By default the all the services that are deployed with the extra variable extra_server_args you can for example add the --disable=servicelb flag. to disable the ServiceLB controller.

This is necessary if you wish to run a different LB, such as MetalLB.

*While k3s is the Kubernetes distro used in this guide due to its simplicity to install and setup. At the end of the day Kubernetes is a container orchestrator so our containerized Jenkins Server is not limited to a specific Kubernetes distro.

Step 3: Install Jenkins Using the Jenkins Helm Chart With your K3s cluster up and running, it’s time to deploy Jenkins and start building your CI/CD pipelines. Helm, a package manager for Kubernetes, simplifies the deployment of complex applications by packaging all the necessary components and configurations into a single chart. We will use the Jenkins Helm chart to install and configure Jenkins on your K3s cluster. This will provide you with a flexible and scalable environment to automate your software delivery processes.

The official Jenkins helm chart is configured to work out-of-box to get started running your CI/CD jobs in your K3s cluster.

You can also use the My Bloody Jenkins Helm chart by odavid:

My Bloody Jenkins is a re-distribution of the Official LTS Jenkins Docker image bundled with the most popular plugins and the ability to configure most aspects of Jenkins from a simple and single source of truth represented as YAML.”

  • odavid

Some values worth considering to change for your personal uses are:

Ingress Configuration: To expose your Jenkins server securely to the internet or your internal network, consider configuring Ingress. Ingress controllers act as reverse proxies, directing traffic to the appropriate services within your cluster.

Jenkins Configuration as Code (JCasC): Managing Jenkins configurations manually can be error-prone and time-consuming. To streamline configuration management, you can utilize Jenkins Configuration as Code (JCasC). This powerful feature allows you to define Jenkins configurations using code (typically in YAML or Groovy) and apply them automatically during deployment. This ensures consistency and repeatability in your Jenkins setup.

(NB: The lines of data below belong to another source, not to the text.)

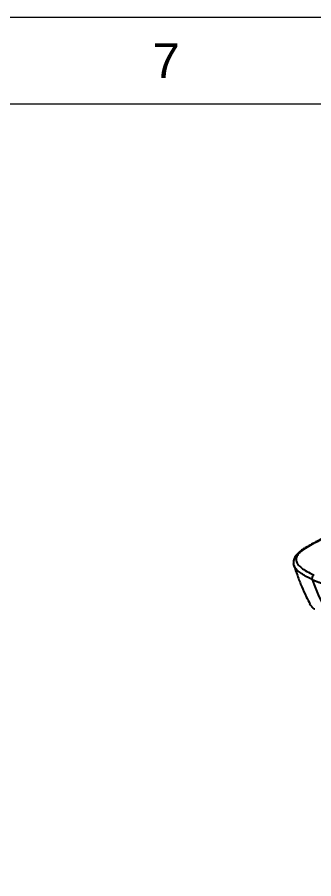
# Model space of a CAD drawing. Header units: millimetres. Extents: x 580 to 1174, y -1119 to -699.
# Drawn here: x 1029.2 to 1077.3, y -838.8 to -698.7 of the extents above; entities that cross this region are included whole.
import ezdxf

# ---------------------------------------------------------------- set-up
doc = ezdxf.new("R2010")
doc.units = ezdxf.units.MM
doc.header["$LTSCALE"] = 0.1
doc.layers.get('0').update_dxf_attribs({"lineweight": 13})
doc.layers.add('DIM', color=3, linetype='Continuous', lineweight=9)
doc.styles.get("Standard").update_dxf_attribs({"font": 'arial.ttf'})

msp = doc.modelspace()

# ---------------------------------------------------------------- linework, layer by layer
msp.add_line((1159.381, -712.89), (593.725, -712.89))
at = {"color": 7, "linetype": 'Continuous', "lineweight": 25}
for points, knots in [([(1092.947, -776.712), (1092.858, -776.755), (1092.457, -776.946), (1091.755, -777.281), (1090.835, -777.718), (1089.361, -778.418), (1087.263, -779.406), (1084.95, -780.491), (1083.055, -781.385), (1081.665, -782.047), (1080.305, -782.706), (1079.049, -783.335), (1077.906, -783.933), (1076.966, -784.442), (1076.25, -784.845), (1075.722, -785.164), (1075.267, -785.459), (1074.785, -785.831), (1074.341, -786.298), (1074.055, -786.844), (1073.935, -787.308), (1074.023, -787.569), (1074.04, -787.619)], [0, 0, 0, 0, 0.0128022, 0.0577994, 0.1011847, 0.1452259, 0.2700217, 0.402871, 0.4775137, 0.5421253, 0.6024385, 0.6735766, 0.7251579, 0.7721641, 0.814071, 0.8331349, 0.8555531, 0.8867944, 0.9162225, 0.9508449, 0.9904799, 1, 1, 1, 1]), ([(1092.944, -776.744), (1089.864, -778.205), (1086.386, -779.855), (1082.505, -781.695), (1081.314, -782.267), (1080.133, -782.848), (1078.965, -783.439), (1077.82, -784.045), (1076.693, -784.663), (1075.618, -785.294), (1074.818, -785.922), (1074.442, -786.544), (1074.402, -787.127), (1074.66, -787.701), (1075.239, -788.276), (1076.118, -788.866), (1076.908, -789.243), (1077.303, -789.431)], [0, 0, 0, 0, 0.3785445, 0.4273642, 0.4761833, 0.5249979, 0.5738053, 0.6226066, 0.671383, 0.7199614, 0.7680949, 0.8064315, 0.8448212, 0.8833215, 0.9221351, 0.9610893, 1, 1, 1, 1]), ([(1077.021, -790.184), (1077.071, -790.206), (1077.173, -790.251), (1077.332, -790.318), (1077.5, -790.386), (1077.677, -790.455), (1077.862, -790.525), (1078.055, -790.596), (1078.257, -790.668), (1078.469, -790.741), (1078.786, -790.846), (1079.181, -790.969), (1079.677, -791.113), (1080.148, -791.239), (1080.887, -791.42), (1081.728, -791.594), (1082.764, -791.749), (1083.726, -791.839), (1084.749, -791.868), (1085.577, -791.833), (1086.212, -791.769), (1086.882, -791.673), (1087.687, -791.506), (1088.478, -791.286), (1089.129, -791.087), (1089.661, -790.917), (1090.255, -790.721), (1091.145, -790.423), (1092.164, -790.08), (1093.066, -789.769), (1094.022, -789.438), (1095.19, -789.03), (1096.731, -788.489), (1098.554, -787.853), (1100.745, -787.095), (1103.232, -786.24), (1106.121, -785.244), (1109.745, -783.99), (1113.148, -782.812), (1115.332, -782.053), (1115.906, -781.853)], [0, 0, 0, 0, 0.0036924, 0.0075086, 0.0114486, 0.0155124, 0.0196995, 0.0240098, 0.0284448, 0.0330048, 0.037689, 0.0487312, 0.0576662, 0.068057, 0.0769803, 0.1012944, 0.116676, 0.1366859, 0.1568307, 0.1768796, 0.1870169, 0.1970538, 0.220635, 0.2427017, 0.2559207, 0.2707899, 0.2844872, 0.303212, 0.3423631, 0.3670642, 0.3773162, 0.4212109, 0.4642389, 0.5064097, 0.5743112, 0.6482767, 0.7153382, 0.8167523, 0.9518043, 1, 1, 1, 1]), ([(1074.069, -787.839), (1074.048, -787.784), (1074.024, -787.719), (1074.021, -787.654), (1074.02, -787.646)], [0, 0, 0, 0, 0.8667389, 1, 1, 1, 1]), ([(1077.021, -790.184), (1076.879, -790.12), (1076.569, -789.979), (1076.114, -789.744), (1075.654, -789.477), (1075.241, -789.204), (1074.906, -788.949), (1074.584, -788.663), (1074.297, -788.332), (1074.121, -788.04), (1074.078, -787.873), (1074.069, -787.839)], [0, 0, 0, 0, 0.0880562, 0.1920415, 0.3096992, 0.4318263, 0.5388141, 0.6326066, 0.7940047, 0.9589082, 1, 1, 1, 1]), ([(1074.07, -787.839), (1074.254, -788.412), (1074.643, -789.628), (1075.321, -791.337), (1076.006, -792.875), (1076.478, -793.772), (1076.682, -794.159)], [0, 0, 0, 0, 0.2520337, 0.5344921, 0.79904, 1, 1, 1, 1]), ([(1077.303, -789.431), (1077.26, -789.461), (1077.213, -789.507), (1077.123, -789.628), (1077.081, -789.703), (1077.022, -789.861), (1077.005, -789.942), (1076.997, -790.082), (1077.005, -790.14), (1077.021, -790.184)], [0, 0, 0, 0, 0.25, 0.25, 0.5, 0.5, 0.75, 0.75, 1, 1, 1, 1]), ([(1077.449, -795.03), (1077.417, -795.006), (1077.289, -794.907), (1077.114, -794.742), (1076.918, -794.526), (1076.773, -794.336), (1076.707, -794.21), (1076.681, -794.16)], [0, 0, 0, 0, 0.0906395, 0.3655533, 0.5865531, 0.8345043, 1, 1, 1, 1])]:
    msp.add_open_spline(points, degree=3, knots=knots, dxfattribs=at)
msp.add_open_spline([(1077.021, -790.184), (1077.83, -792.5), (1078.817, -794.591), (1079.981, -796.456)], degree=3, dxfattribs=at)
at = {"layer": 'DIM', "color": 7}
msp.add_lwpolyline([(579.583, -698.749), (1173.523, -698.749), (1173.523, -1118.749), (579.583, -1118.749)], close=True, dxfattribs=at)

# ---------------------------------------------------------------- texts
at = {"insert": (1053.321, -705.82), "char_height": 5.657, "attachment_point": 5}
msp.add_mtext_dynamic_manual_height_columns('7', width=50, gutter_width=12.5, heights=[0], dxfattribs=at)

doc.saveas('drawing.dxf')
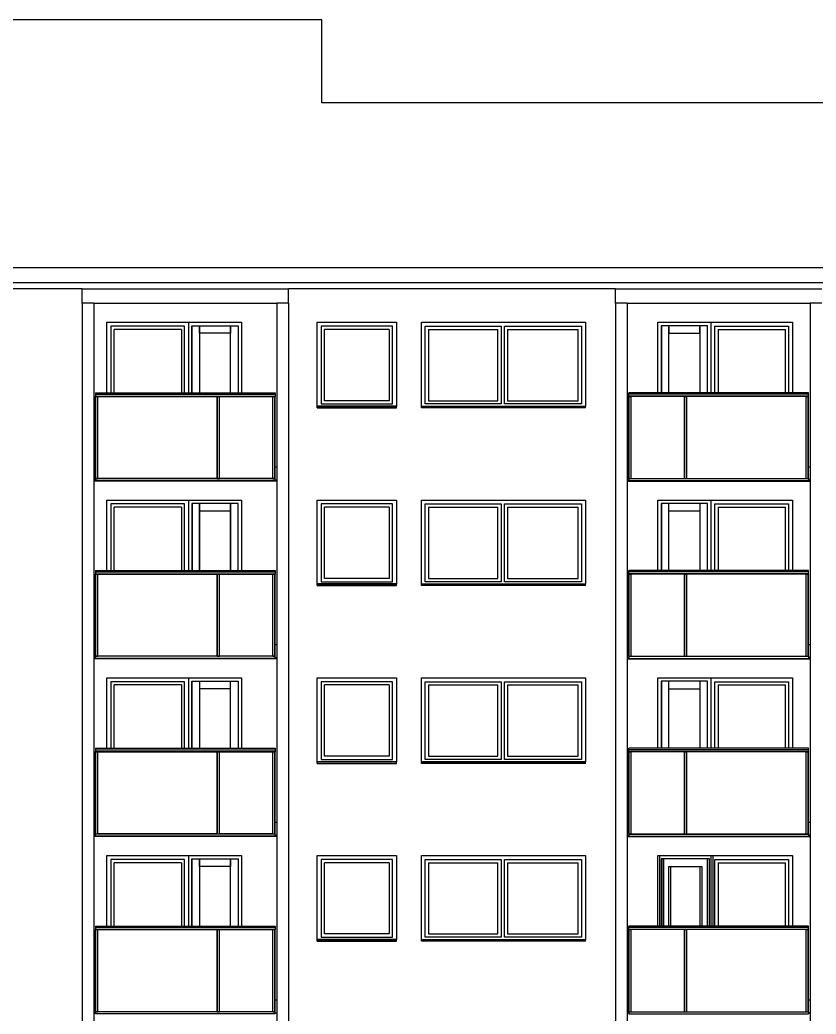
# Model space of a CAD drawing. Header units: millimetres. Extents: x 48 to 4070, y 10 to 629.
# Drawn here: x 2856.8 to 3100.4, y 324.8 to 629.1 of the extents above; entities that cross this region are included whole.
import ezdxf
from ezdxf.xclip import XClip

# ---------------------------------------------------------------- set-up
doc = ezdxf.new("R2010")
doc.units = ezdxf.units.MM
doc.header["$MEASUREMENT"] = 0
doc.header["$XCLIPFRAME"] = 0
for name, color, linetype in [('A--------P-', 7, 'Continuous'), ('A-01SC-----Ytterväggar2', 7, 'Continuous'), ('A1', 1, 'Continuous')]:
    doc.layers.add(name, color=color, linetype=linetype)

# ---------------------------------------------------------------- blocks, each defined once
blk = doc.blocks.new('Drawing_3_3', base_point=(3616.51, 55.57))
at = {"layer": 'A-01SC-----Ytterväggar2'}
for p, q in [((2875.78, 542.37), (2875.78, 492.37)), ((2879.38, 542.37), (2875.78, 542.37)), ((2879.38, 542.37), (2879.38, 492.37)), ((2935.38, 542.37), (2935.38, 492.37)), ((2938.98, 542.37), (2935.38, 542.37)), ((2938.98, 542.37), (2938.98, 492.37)), ((3038.98, 542.37), (3038.98, 492.37)), ((3042.58, 542.37), (3038.98, 542.37)), ((3042.58, 542.37), (3042.58, 492.37)), ((3098.58, 542.37), (3098.58, 492.37)), ((3102.18, 542.37), (3098.58, 542.37)), ((2875.78, 492.37), (2875.78, 437.97)), ((2879.38, 492.37), (2879.38, 437.97)), ((2935.38, 492.37), (2935.38, 437.97)), ((2938.98, 492.37), (2938.98, 437.97)), ((3038.98, 492.37), (3038.98, 437.97)), ((3042.58, 492.37), (3042.58, 437.97)), ((3098.58, 492.37), (3098.58, 437.97)), ((2875.78, 437.97), (2875.78, 383.57)), ((2879.38, 437.97), (2879.38, 383.57)), ((2935.38, 437.97), (2935.38, 383.57)), ((2938.98, 437.97), (2938.98, 383.57)), ((3038.98, 437.97), (3038.98, 383.57)), ((3042.58, 437.97), (3042.58, 383.57)), ((3098.58, 437.97), (3098.58, 383.57)), ((2875.78, 383.57), (2875.78, 329.17)), ((2879.38, 383.57), (2879.38, 329.17)), ((2935.38, 383.57), (2935.38, 329.17)), ((2938.98, 383.57), (2938.98, 329.17)), ((3038.98, 383.57), (3038.98, 329.17)), ((3042.58, 383.57), (3042.58, 329.17)), ((3098.58, 383.57), (3098.58, 329.17)), ((2875.78, 329.17), (2875.78, 274.77)), ((2879.38, 329.17), (2879.38, 274.77)), ((2935.38, 329.17), (2935.38, 274.77)), ((2938.98, 329.17), (2938.98, 274.77)), ((3038.98, 329.17), (3038.98, 274.77)), ((3042.58, 329.17), (3042.58, 274.77)), ((3098.58, 329.17), (3098.58, 274.77))]:
    blk.add_line(p, q, dxfattribs=at)
at = {"layer": 'A1'}
for p, q in [((2949.14, 629.12), (2832.34, 629.12)), ((2949.14, 603.74), (2949.14, 629.12)), ((3340.74, 603.74), (2949.14, 603.74)), ((2077.78, 553.35), (3620.58, 553.35)), ((3608.98, 548.65), (2084.98, 548.65)), ((2875.78, 546.77), (2591.78, 546.77)), ((2875.78, 546.77), (2938.98, 546.77)), ((2875.78, 542.37), (2875.78, 546.77)), ((2938.98, 542.37), (2938.98, 546.77)), ((3038.98, 546.77), (2938.98, 546.77)), ((3038.98, 546.77), (3102.18, 546.77)), ((3038.98, 542.37), (3038.98, 546.77)), ((2879.38, 542.37), (2935.38, 542.37)), ((3042.58, 542.37), (3098.58, 542.37)), ((2883.36, 514.97), (2883.36, 536.57)), ((2883.36, 536.57), (2924.56, 536.57)), ((2908.36, 536.57), (2908.36, 535.37)), ((2924.56, 536.57), (2924.56, 514.97)), ((2947.76, 536.57), (2971.96, 536.57)), ((2947.76, 510.82), (2947.76, 536.57)), ((2971.96, 536.57), (2971.96, 510.82)), ((2979.6, 510.82), (2979.6, 536.57)), ((2979.6, 536.57), (3029.8, 536.57)), ((3029.8, 536.57), (3029.8, 510.82)), ((3051.98, 536.57), (3093.18, 536.57)), ((3051.98, 514.97), (3051.98, 536.57)), ((3068.18, 536.57), (3068.18, 535.37)), ((3093.18, 536.57), (3093.18, 514.97)), ((2884.56, 535.37), (2884.56, 514.97)), ((2907.16, 535.37), (2884.56, 535.37)), ((2885.56, 514.97), (2885.56, 534.37)), ((2906.16, 534.37), (2885.56, 534.37)), ((2906.16, 534.37), (2906.16, 514.97)), ((2907.16, 514.97), (2907.16, 535.37)), ((2908.36, 535.37), (2908.36, 514.97)), ((2909.4, 514.97), (2909.4, 535.53)), ((2909.4, 535.53), (2923.52, 535.53)), ((2909.42, 514.97), (2909.42, 535.51)), ((2909.42, 535.51), (2923.5, 535.51)), ((2911.72, 535.51), (2911.72, 514.97)), ((2911.72, 533.21), (2911.72, 535.51)), ((2921.2, 533.21), (2911.72, 533.21)), ((2911.72, 533.21), (2911.72, 514.97)), ((2921.2, 514.97), (2921.2, 535.51)), ((2921.2, 535.51), (2921.2, 533.21)), ((2921.2, 514.97), (2921.2, 533.21)), ((2923.5, 535.51), (2923.5, 514.97)), ((2923.52, 535.53), (2923.52, 514.97)), ((2948.96, 535.37), (2948.96, 511.57)), ((2970.76, 535.37), (2948.96, 535.37)), ((2949.96, 512.57), (2949.96, 534.37)), ((2969.76, 534.37), (2949.96, 534.37)), ((2969.76, 534.37), (2969.76, 512.57)), ((2970.76, 511.57), (2970.76, 535.37)), ((2980.8, 511.57), (2980.8, 535.37)), ((2980.8, 535.37), (3004, 535.37)), ((2981.8, 534.37), (2981.8, 512.57)), ((2981.8, 534.37), (3003, 534.37)), ((3003, 512.57), (3003, 534.37)), ((3004, 535.37), (3004, 511.57)), ((3005, 511.57), (3005, 535.37)), ((3005, 535.37), (3028.6, 535.37)), ((3006, 534.37), (3006, 512.57)), ((3006, 534.37), (3027.6, 534.37)), ((3027.6, 512.57), (3027.6, 534.37)), ((3028.6, 535.37), (3028.6, 511.57)), ((3053.02, 535.53), (3053.02, 514.97)), ((3067.14, 535.53), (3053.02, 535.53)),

By taking advantage of these advanced configurations, you can tailor your Jenkins deployment to meet your organization’s security, scalability, and automation needs. Whether you require a secure ingress setup, stringent access controls, or efficient configuration management, the Jenkins Helm chart offers the flexibility to make your Jenkins server deployment both robust and user-friendly.

Conclusion: In a world driven by rapid software development, combining the power of Jenkins, Kubernetes, and K3s can significantly enhance your ability to deliver high-quality applications efficiently. By following this three-step guide, you’ll have a solid foundation to build and customize your CI/CD pipelines, enabling your team to focus on innovation and delivering value to your users. However, it’s important to note that while the steps outlined here provide a strong starting point, successful implementation may require collaboration with your organization’s IT department.

For in-house DNS or webhooks from SaaS SCM sites like GitHub or Bitbucket, working with your IT team can help ensure proper configuration and security measures. Effective integration with external services requires thoughtful consideration of network setups and access controls. Furthermore, leveraging Virtual Private Networks (VPNs) can enhance security by allowing developers to access the Jenkins server remotely, ensuring seamless workflow continuity even when team members are not physically in the office.

Whether you’re a developer aiming to streamline your workflow or an IT professional seeking better control over your infrastructure, this guide equips you with the knowledge to set up an on-prem Jenkins server on a K3s cluster with ease. Remember that collaboration and adaptability are key as you tailor these steps to fit the unique needs and requirements of your organization.